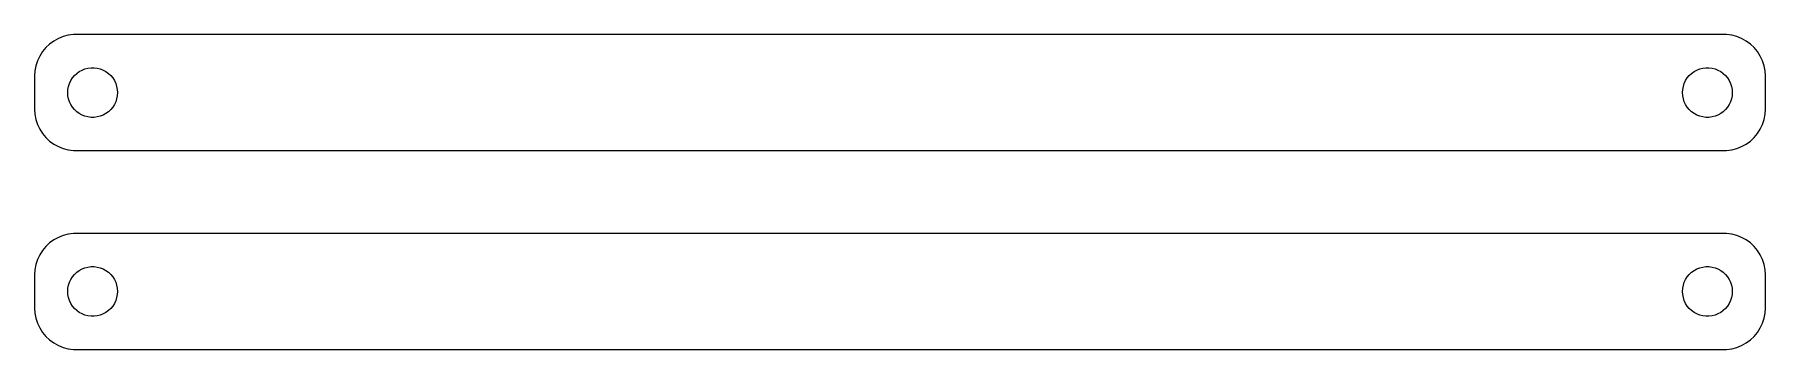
# Model space of a CAD drawing. Header units: metres. Extents: x -104 to 104, y 17 to 55.
import ezdxf

# ---------------------------------------------------------------- set-up
doc = ezdxf.new("R2010")
doc.units = ezdxf.units.M

msp = doc.modelspace()

# ---------------------------------------------------------------- linework, layer by layer
for p, q in [((-101.629, 54.5241), (-102.179, 54.2216)), ((-101.045, 54.7553), (-101.629, 54.5241)), ((-100.437, 54.9114), (-101.045, 54.7553)), ((-99.8139, 54.9901), (-100.437, 54.9114)), ((99.8139, 54.9901), (-99.8139, 54.9901)), ((100.437, 54.9114), (99.8139, 54.9901)), ((101.045, 54.7553), (100.437, 54.9114)), ((101.629, 54.5241), (101.045, 54.7553)), ((102.179, 54.2216), (101.629, 54.5241)), ((-103.882, 52.4088), (-104.149, 51.8406)), ((-103.545, 52.9389), (-103.882, 52.4088)), ((-103.145, 53.4227), (-103.545, 52.9389)), ((-102.687, 53.8526), (-103.145, 53.4227)), ((-102.179, 54.2216), (-102.687, 53.8526)), ((102.687, 53.8526), (102.179, 54.2216)), ((103.145, 53.4227), (102.687, 53.8526)), ((103.545, 52.9389), (103.145, 53.4227)), ((103.882, 52.4088), (103.545, 52.9389)), ((104.149, 51.8406), (103.882, 52.4088)), ((-104.461, 50.6267), (-104.5, 50)), ((-104.343, 51.2434), (-104.461, 50.6267)), ((-104.149, 51.8406), (-104.343, 51.2434)), ((-99.6869, 50.0536), (-99.4123, 50.3115)), ((-99.4123, 50.3115), (-99.1075, 50.533)), ((-99.1075, 50.533), (-98.7773, 50.7145)), ((-98.7773, 50.7145), (-98.427, 50.8532)), ((-98.427, 50.8532), (-98.0621, 50.9469)), ((-98.0621, 50.9469), (-97.6884, 50.9941)), ((-97.6884, 50.9941), (-97.3116, 50.9941)), ((-97.3116, 50.9941), (-96.9379, 50.9469)), ((-96.9379, 50.9469), (-96.573, 50.8532)), ((-96.573, 50.8532), (-96.2227, 50.7145)), ((-96.2227, 50.7145), (-95.8925, 50.533)), ((-95.8925, 50.533), (-95.5877, 50.3115)), ((-95.5877, 50.3115), (-95.3131, 50.0536)), ((95.3131, 50.0536), (95.5877, 50.3115)), ((95.5877, 50.3115), (95.8925, 50.533)), ((95.8925, 50.533), (96.2227, 50.7145)), ((96.2227, 50.7145), (96.573, 50.8532)), ((96.573, 50.8532), (96.9379, 50.9469)), ((96.9379, 50.9469), (97.3116, 50.9941)), ((97.3116, 50.9941), (97.6884, 50.9941)), ((97.6884, 50.9941), (98.0621, 50.9469)), ((98.0621, 50.9469), (98.427, 50.8532)), ((98.427, 50.8532), (98.7773, 50.7145)), ((98.7773, 50.7145), (99.1075, 50.533)), ((99.1075, 50.533), (99.4123, 50.3115)), ((99.4123, 50.3115), (99.6869, 50.0536)), ((104.343, 51.2434), (104.149, 51.8406)), ((104.461, 50.6267), (104.343, 51.2434)), ((104.5, 50), (104.461, 50.6267)), ((-104.5, 50), (-104.5, 46)), ((-100.5, 48), (-100.476, 48.376)), ((-100.476, 48.376), (-100.406, 48.7461)), ((-100.406, 48.7461), (-100.289, 49.1044)), ((-100.289, 49.1044), (-100.129, 49.4453)), ((-100.129, 49.4453), (-99.927, 49.7634)), ((-99.927, 49.7634), (-99.6869, 50.0536)), ((-95.3131, 50.0536), (-95.073, 49.7634)), ((-95.073, 49.7634), (-94.8711, 49.4453)), ((-94.8711, 49.4453), (-94.7107, 49.1044)), ((-94.7107, 49.1044), (-94.5943, 48.7461)), ((-94.5943, 48.7461), (-94.5237, 48.376)), ((-94.5237, 48.376), (-94.5, 48)), ((94.5, 48), (94.5237, 48.376)), ((94.5237, 48.376), (94.5943, 48.7461)), ((94.5943, 48.7461), (94.7107, 49.1044)), ((94.7107, 49.1044), (94.8711, 49.4453)), ((94.8711, 49.4453), (95.073, 49.7634)), ((95.073, 49.7634), (95.3131, 50.0536)), ((99.6869, 50.0536), (99.927, 49.7634)), ((99.927, 49.7634), (100.129, 49.4453)), ((100.129, 49.4453), (100.289, 49.1044)), ((100.289, 49.1044), (100.406, 48.7461)), ((100.406, 48.7461), (100.476, 48.376)), ((100.476, 48.376), (100.5, 48)), ((104.5, 46), (104.5, 50)), ((-104.5, 46), (-104.461, 45.3733)), ((-100.476, 47.624), (-100.5, 48)), ((-100.406, 47.2539), (-100.476, 47.624)), ((-100.289, 46.8956), (-100.406, 47.2539)), ((-100.129, 46.5547), (-100.289, 46.8956)), ((-99.927, 46.2366), (-100.129, 46.5547)), ((-99.6869, 45.9464), (-99.927, 46.2366)), ((-95.073, 46.2366), (-95.3131, 45.9464)), ((-94.8711, 46.5547), (-95.073, 46.2366)), ((-94.7107, 46.8956), (-94.8711, 46.5547)), ((-94.5943, 47.2539), (-94.7107, 46.8956)), ((-94.5237, 47.624), (-94.5943, 47.2539)), ((-94.5, 48), (-94.5237, 47.624)), ((94.5237, 47.624), (94.5, 48)), ((94.5943, 47.2539), (94.5237, 47.624)), ((94.7107, 46.8956), (94.5943, 47.2539)), ((94.8711, 46.5547), (94.7107, 46.8956)), ((95.073, 46.2366), (94.8711, 46.5547)), ((95.3131, 45.9464), (95.073, 46.2366)), ((99.927, 46.2366), (99.6869, 45.9464)), ((100.129, 46.5547), (99.927, 46.2366)), ((100.289, 46.8956), (100.129, 46.5547)), ((100.406, 47.2539), (100.289, 46.8956)), ((100.476, 47.624), (100.406, 47.2539)), ((100.5, 48), (100.476, 47.624)), ((104.461, 45.3733), (104.5, 46)), ((-104.461, 45.3733), (-104.343, 44.7566)), ((-104.343, 44.7566), (-104.149, 44.1594)), ((-104.149, 44.1594), (-103.882, 43.5912)), ((-99.4123, 45.6885), (-99.6869, 45.9464)), ((-99.1075, 45.467), (-99.4123, 45.6885)), ((-98.7773, 45.2855), (-99.1075, 45.467)), ((-98.427, 45.1468), (-98.7773, 45.2855)), ((-98.0621, 45.0531), (-98.427, 45.1468)), ((-97.6884, 45.0059), (-98.0621, 45.0531)), ((-97.3116, 45.0059), (-97.6884, 45.0059)), ((-96.9379, 45.0531), (-97.3116, 45.0059)), ((-96.573, 45.1468), (-96.9379, 45.0531)), ((-96.2227, 45.2855), (-96.573, 45.1468)), ((-95.8925, 45.467), (-96.2227, 45.2855)), ((-95.5877, 45.6885), (-95.8925, 45.467)), ((-95.3131, 45.9464), (-95.5877, 45.6885)), ((95.5877, 45.6885), (95.3131, 45.9464)), ((95.8925, 45.467), (95.5877, 45.6885)), ((96.2227, 45.2855), (95.8925, 45.467)), ((96.573, 45.1468), (96.2227, 45.2855)), ((96.9379, 45.0531), (96.573, 45.1468)), ((97.3116, 45.0059), (96.9379, 45.0531)), ((97.6884, 45.0059), (97.3116, 45.0059)), ((98.0621, 45.0531), (97.6884, 45.0059)), ((98.427, 45.1468), (98.0621, 45.0531)), ((98.7773, 45.2855), (98.427, 45.1468)), ((99.1075, 45.467), (98.7773, 45.2855)), ((99.4123, 45.6885), (99.1075, 45.467)), ((99.6869, 45.9464), (99.4123, 45.6885)), ((103.882, 43.5912), (104.149, 44.1594)), ((104.149, 44.1594), (104.343, 44.7566)), ((104.343, 44.7566), (104.461, 45.3733)), ((-103.882, 43.5912), (-103.545, 43.0611)), ((-103.545, 43.0611), (-103.145, 42.5773)), ((-103.145, 42.5773), (-102.687, 42.1474)), ((-102.687, 42.1474), (-102.179, 41.7784)), ((102.179, 41.7784), (102.687, 42.1474)), ((102.687, 42.1474), (103.145, 42.5773)), ((103.145, 42.5773), (103.545, 43.0611)), ((103.545, 43.0611), (103.882, 43.5912)), ((-102.179, 41.7784), (-101.629, 41.4759)), ((-101.629, 41.4759), (-101.045, 41.2447)), ((-101.045, 41.2447), (-100.437, 41.0886)), ((-100.437, 41.0886), (-99.8139, 41.0099)), ((-99.8139, 41.0099), (99.8139, 41.0099)), ((99.8139, 41.0099), (100.437, 41.0886)), ((100.437, 41.0886), (101.045, 41.2447)), ((101.045, 41.2447), (101.629, 41.4759)), ((101.629, 41.4759), (102.179, 41.7784)), ((-103.145, 29.4227), (-103.545, 28.9389)), ((-102.687, 29.8526), (-103.145, 29.4227)), ((-102.179, 30.2216), (-102.687, 29.8526)), ((-101.629, 30.5241), (-102.179, 30.2216)), ((-101.045, 30.7553), (-101.629, 30.5241)), ((-100.437, 30.9114), (-101.045, 30.7553)), ((-99.8139, 30.9901), (-100.437, 30.9114)), ((99.8139, 30.9901), (-99.8139, 30.9901)), ((100.437, 30.9114), (99.8139, 30.9901)), ((101.045, 30.7553), (100.437, 30.9114)), ((101.629, 30.5241), (101.045, 30.7553)), ((102.179, 30.2216), (101.629, 30.5241)), ((102.687, 29.8526), (102.179, 30.2216)), ((103.145, 29.4227), (102.687, 29.8526)), ((103.545, 28.9389), (103.145, 29.4227)), ((-104.343, 27.2434), (-104.461, 26.6267)), ((-104.149, 27.8406), (-104.343, 27.2434)), ((-103.882, 28.4088), (-104.149, 27.8406)), ((-103.545, 28.9389), (-103.882, 28.4088)), ((103.882, 28.4088), (103.545, 28.9389)), ((104.149, 27.8406), (103.882, 28.4088)), ((104.343, 27.2434), (104.149, 27.8406)), ((104.461, 26.6267), (104.343, 27.2434)), ((-104.461, 26.6267), (-104.5, 26)), ((-104.5, 26), (-104.5, 22)), ((-100.406, 24.7461), (-100.289, 25.1044)), ((-100.289, 25.1044), (-100.129, 25.4453)), ((-100.129, 25.4453), (-99.927, 25.7634)), ((-99.927, 25.7634), (-99.6869, 26.0536)), ((-99.6869, 26.0536), (-99.4123, 26.3115)), ((-99.4123, 26.3115), (-99.1075, 26.533)), ((-99.1075, 26.533), (-98.7773, 26.7145)), ((-98.7773, 26.7145), (-98.427, 26.8532)), ((-98.427, 26.8532), (-98.0621, 26.9469)), ((-98.0621, 26.9469), (-97.6884, 26.9941)), ((-97.6884, 26.9941), (-97.3116, 26.9941)), ((-97.3116, 26.9941), (-96.9379, 26.9469)), ((-96.9379, 26.9469), (-96.573, 26.8532)), ((-96.573, 26.8532), (-96.2227, 26.7145)), ((-96.2227, 26.7145), (-95.8925, 26.533)), ((-95.8925, 26.533), (-95.5877, 26.3115)), ((-95.5877, 26.3115), (-95.3131, 26.0536)), ((-95.3131, 26.0536), (-95.073, 25.7634)), ((-95.073, 25.7634), (-94.8711, 25.4453)), ((-94.8711, 25.4453), (-94.7107, 25.1044)), ((-94.7107, 25.1044), (-94.5943, 24.7461)), ((94.5943, 24.7461), (94.7107, 25.1044)), ((94.7107, 25.1044), (94.8711, 25.4453)), ((94.8711, 25.4453), (95.073, 25.7634)), ((95.073, 25.7634), (95.3131, 26.0536)), ((95.3131, 26.0536), (95.5877, 26.3115)), ((95.5877, 26.3115), (95.8925, 26.533)), ((95.8925, 26.533), (96.2227, 26.7145)), ((96.2227, 26.7145), (96.573, 26.8532)), ((96.573, 26.8532), (96.9379, 26.9469)), ((96.9379, 26.9469), (97.3116, 26.9941)), ((97.3116, 26.9941), (97.6884, 26.9941)), ((97.6884, 26.9941), (98.0621, 26.9469)), ((98.0621, 26.9469), (98.427, 26.8532)), ((98.427, 26.8532), (98.7773, 26.7145)), ((98.7773, 26.7145), (99.1075, 26.533)), ((99.1075, 26.533), (99.4123, 26.3115)), ((99.4123, 26.3115), (99.6869, 26.0536)), ((99.6869, 26.0536), (99.927, 25.7634)), ((99.927, 25.7634), (100.129, 25.4453)), ((100.129, 25.4453), (100.289, 25.1044)), ((100.289, 25.1044), (100.406, 24.7461)), ((104.5, 26), (104.461, 26.6267)), ((104.5, 22), (104.5, 26)), ((-100.5, 24), (-100.476, 24.376)), ((-100.476, 23.624), (-100.5, 24)), ((-100.476, 24.376), (-100.406, 24.7461)), ((-100.406, 23.2539), (-100.476, 23.624)), ((-100.289, 22.8956), (-100.406, 23.2539)), ((-94.5943, 23.2539), (-94.7107, 22.8956)), ((-94.5943, 24.7461), (-94.5237, 24.376)), ((-94.5237, 23.624), (-94.5943, 23.2539)), ((-94.5237, 24.376), (-94.5, 24)), ((-94.5, 24), (-94.5237, 23.624)), ((94.5, 24), (94.5237, 24.376)), ((94.5237, 23.624), (94.5, 24)), ((94.5237, 24.376), (94.5943, 24.7461)), ((94.5943, 23.2539), (94.5237, 23.624)), ((94.7107, 22.8956), (94.5943, 23.2539)), ((100.406, 23.2539), (100.289, 22.8956)), ((100.406, 24.7461), (100.476, 24.376)), ((100.476, 23.624), (100.406, 23.2539)), ((100.476, 24.376), (100.5, 24)), ((100.5, 24), (100.476, 23.624)), ((-104.5, 22), (-104.461, 21.3733)), ((-104.461, 21.3733), (-104.343, 20.7566)), ((-100.129, 22.5547), (-100.289, 22.8956)), ((-99.927, 22.2366), (-100.129, 22.5547)), ((-99.6869, 21.9464), (-99.927, 22.2366)), ((-99.4123, 21.6885), (-99.6869, 21.9464)), ((-99.1075, 21.467), (-99.4123, 21.6885)), ((-98.7773, 21.2855), (-99.1075, 21.467)), ((-98.427, 21.1468), (-98.7773, 21.2855)), ((-98.0621, 21.0531), (-98.427, 21.1468)), ((-97.6884, 21.0059), (-98.0621, 21.0531)), ((-97.3116, 21.0059), (-97.6884, 21.0059)), ((-96.9379, 21.0531), (-97.3116, 21.0059)), ((-96.573, 21.1468), (-96.9379, 21.0531)), ((-96.2227, 21.2855), (-96.573, 21.1468)), ((-95.8925, 21.467), (-96.2227, 21.2855)), ((-95.5877, 21.6885), (-95.8925, 21.467)), ((-95.3131, 21.9464), (-95.5877, 21.6885)), ((-95.073, 22.2366), (-95.3131, 21.9464)), ((-94.8711, 22.5547), (-95.073, 22.2366)), ((-94.7107, 22.8956), (-94.8711, 22.5547)), ((94.8711, 22.5547), (94.7107, 22.8956)), ((95.073, 22.2366), (94.8711, 22.5547)), ((95.3131, 21.9464), (95.073, 22.2366)), ((95.5877, 21.6885), (95.3131, 21.9464)), ((95.8925, 21.467), (95.5877, 21.6885)), ((96.2227, 21.2855), (95.8925, 21.467)), ((96.573, 21.1468), (96.2227, 21.2855)), ((96.9379, 21.0531), (96.573, 21.1468)), ((97.3116, 21.0059), (96.9379, 21.0531)), ((97.6884, 21.0059), (97.3116, 21.0059)), ((98.0621, 21.0531), (97.6884, 21.0059)), ((98.427, 21.1468), (98.0621, 21.0531)), ((98.7773, 21.2855), (98.427, 21.1468)), ((99.1075, 21.467), (98.7773, 21.2855)), ((99.4123, 21.6885), (99.1075, 21.467)), ((99.6869, 21.9464), (99.4123, 21.6885)), ((99.927, 22.2366), (99.6869, 21.9464)), ((100.129, 22.5547), (99.927, 22.2366)), ((100.289, 22.8956), (100.129, 22.5547)), ((104.343, 20.7566), (104.461, 21.3733)), ((104.461, 21.3733), (104.5, 22)), ((-104.343, 20.7566), (-104.149, 20.1594)), ((-104.149, 20.1594), (-103.882, 19.5912)), ((-103.882, 19.5912), (-103.545, 19.0611)), ((-103.545, 19.0611), (-103.145, 18.5773)), ((103.145, 18.5773), (103.545, 19.0611)), ((103.545, 19.0611), (103.882, 19.5912)), ((103.882, 19.5912), (104.149, 20.1594)), ((104.149, 20.1594), (104.343, 20.7566)), ((-103.145, 18.5773), (-102.687, 18.1474)), ((-102.687, 18.1474), (-102.179, 17.7784)), ((-102.179, 17.7784), (-101.629, 17.4759)), ((-101.629, 17.4759), (-101.045, 17.2447)), ((-101.045, 17.2447), (-100.437, 17.0886)), ((-100.437, 17.0886), (-99.8139, 17.0099)), ((-99.8139, 17.0099), (99.8139, 17.0099)), ((99.8139, 17.0099), (100.437, 17.0886)), ((100.437, 17.0886), (101.045, 17.2447)), ((101.045, 17.2447), (101.629, 17.4759)), ((101.629, 17.4759), (102.179, 17.7784)), ((102.179, 17.7784), (102.687, 18.1474)), ((102.687, 18.1474), (103.145, 18.5773))]:
    msp.add_line(p, q)

doc.saveas('drawing.dxf')

==========

* Goal of the exercise
The word to find is "drawing". Copy every line of the data that holds it.

* Exercise answer
# Model space of a CAD drawing. Header units: metres. Extents: x -104 to 104, y 17 to 55.
doc.saveas('drawing.dxf')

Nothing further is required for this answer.